Protocols for qualitative and quantitative analyses of microplastics have yet to be established [4], [8], [9]. Common separation-based analytic techniques such as gas chromatography (GC) cannot be employed for direct analysis due to the low volatility of plastics. In detail, GC consists of a flow control section, which is composed of a sample injector, column, and column oven; a detector; and a data processor. The samples are rapidly injected into the GC column through an injector at ≤ 300℃ to be analyzed by a detector, but plastic materials do not fully exist as gas-phase compounds in this temperature range. Spectroscopic instruments, such as Fourier-transform infrared (FTIR) and Raman spectrometers, can be used to identify types of plastics [10], [11], but are practical only for pure plastics. Pyrolysis–gas chromatography/mass spectrometry (pyro-GC/MS) thermally degrades plastics into volatile organic compounds that can be identified. By measuring the quantity of representative index chemicals of each plastic, pyro-GC/MS can quantify the plastics in environmental samples, making it a promising solution for the direct analysis of all kinds of microplastics [12], [13]. Compared with other analytical methods that require multiple pretreatment processes to obtain isolated plastic particles for identification, pyro-GC/MS offers the advantage of not requiring various pretreatment steps for the identification and quantification of microplastics in an environmental matrix. The detection of microplastics can also be affected by the selection of sampling and pretreatment methods according to impurities present in the environment, because the appearance and chemical composition of collected samples can change after pretreatment processes [10].
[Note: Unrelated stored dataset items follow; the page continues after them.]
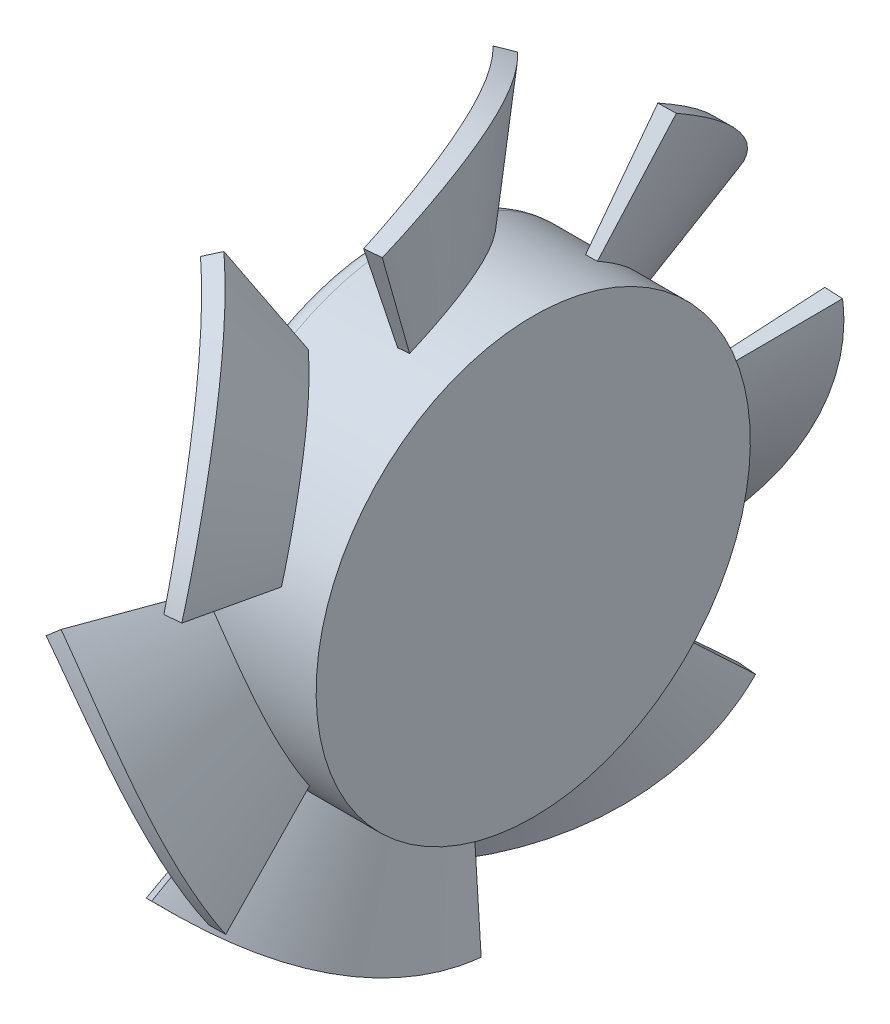
from build123d import *

# Parameters (mm, degrees)
SKETCH5_W                  = 8
SKETCH5_H                  = 11.5
CIRPATTERN1_COUNT          = 7
SKETCH_CUT_BLADE_OUTSIDE_W = 50.999
SKETCH_CUT_BLADE_OUTSIDE_H = 50.116
SKETCH_CUT_BLADE_OUTSIDE_R = 18
CUT_FAN_BLADE_DEPTH        = 30.009117079
COSMETIC_FILLET_R          = 1


with BuildPart() as part:
    # Sketch5 → Body (revolve)
    with BuildSketch(Plane.XY, mode=Mode.PRIVATE) as body_sk:
        with Locations((-6, 5.75)):
            Rectangle(SKETCH5_W, SKETCH5_H)
    revolve(body_sk.sketch.rotate(Axis((-10, 0, 0), (1, 0, 0)), 180), axis=Axis((-10, 0, 0), (1, 0, 0)))

    # Sketch-Blade-Top → Loft-Fan-Blade section 0
    with BuildSketch(Plane(origin=(0, 18, 0), x_dir=(-1, 0, 0), z_dir=(0, 1, 0)), mode=Mode.PRIVATE) as loft_fan_blade_s0:
        with BuildLine():
            Line((4.220534784, 7.137045162), (3.222970733, 7.067288688))
            ThreePointArc((3.222970733, 7.067288688), (5.086454542, -0.406736643), (9.393823742, -6.792674095))
            Line((9.393823742, -6.792674095), (10.113163542, -6.098015725))
            ThreePointArc((10.113163542, -6.098015725), (6, 0), (4.220534784, 7.137045162))
        make_face()
    loft_fan_blade = loft([loft_fan_blade_s0.sketch, Vertex(-6, 0, 0)])

    # CirPattern1: Loft-Fan-Blade ×7 about axis
    cirpattern1_axis = Axis((-10, 0, 0), (1, 0, 0))
    for i in range(1, CIRPATTERN1_COUNT):
        add(loft_fan_blade.rotate(cirpattern1_axis, i * 360 / CIRPATTERN1_COUNT))

    # Sketch-Cut-Blade outside → Cut-Fan-Blade (cut, through all)
    with BuildSketch(Plane(origin=(0, 0, 0), x_dir=(0, 0, -1), z_dir=(1, 0, 0))):
        with Locations((0.0385, -0.657)):
            Rectangle(SKETCH_CUT_BLADE_OUTSIDE_W, SKETCH_CUT_BLADE_OUTSIDE_H)
        Circle(SKETCH_CUT_BLADE_OUTSIDE_R, mode=Mode.SUBTRACT)
    extrude(amount=-CUT_FAN_BLADE_DEPTH, mode=Mode.SUBTRACT)

    # Cosmetic-Fillet
    cosmetic_fillet_edges = [part.edges().sort_by_distance(p)[0] for p in [
        (-10, 11.5, 0),
    ]]
    fillet(cosmetic_fillet_edges, radius=COSMETIC_FILLET_R)


solid = part.part

In this review, we survey analytical methods for the detection of the six most broadly used plastics (polyethylene: PE, polypropylene: PP, polyethylene terephthalate: PET, polystyrene: PS, polyvinyl chloride: PVC, and polyamides: PAs) along with polymeric additives for their synthesis that can be found in industrial and household materials. We also comprehensively address conventional analytical tools for the identification of pure plastics and the challenges they pose during analysis of plastics in a complex environmental matrix. The advantages of pyro-GC/MS analysis for the identification and quantification of plastics in the environmental matrix are discussed, and the practical applications of this tool are described. Current technical challenges of pyro-GC/MS and promising future studies are then suggested.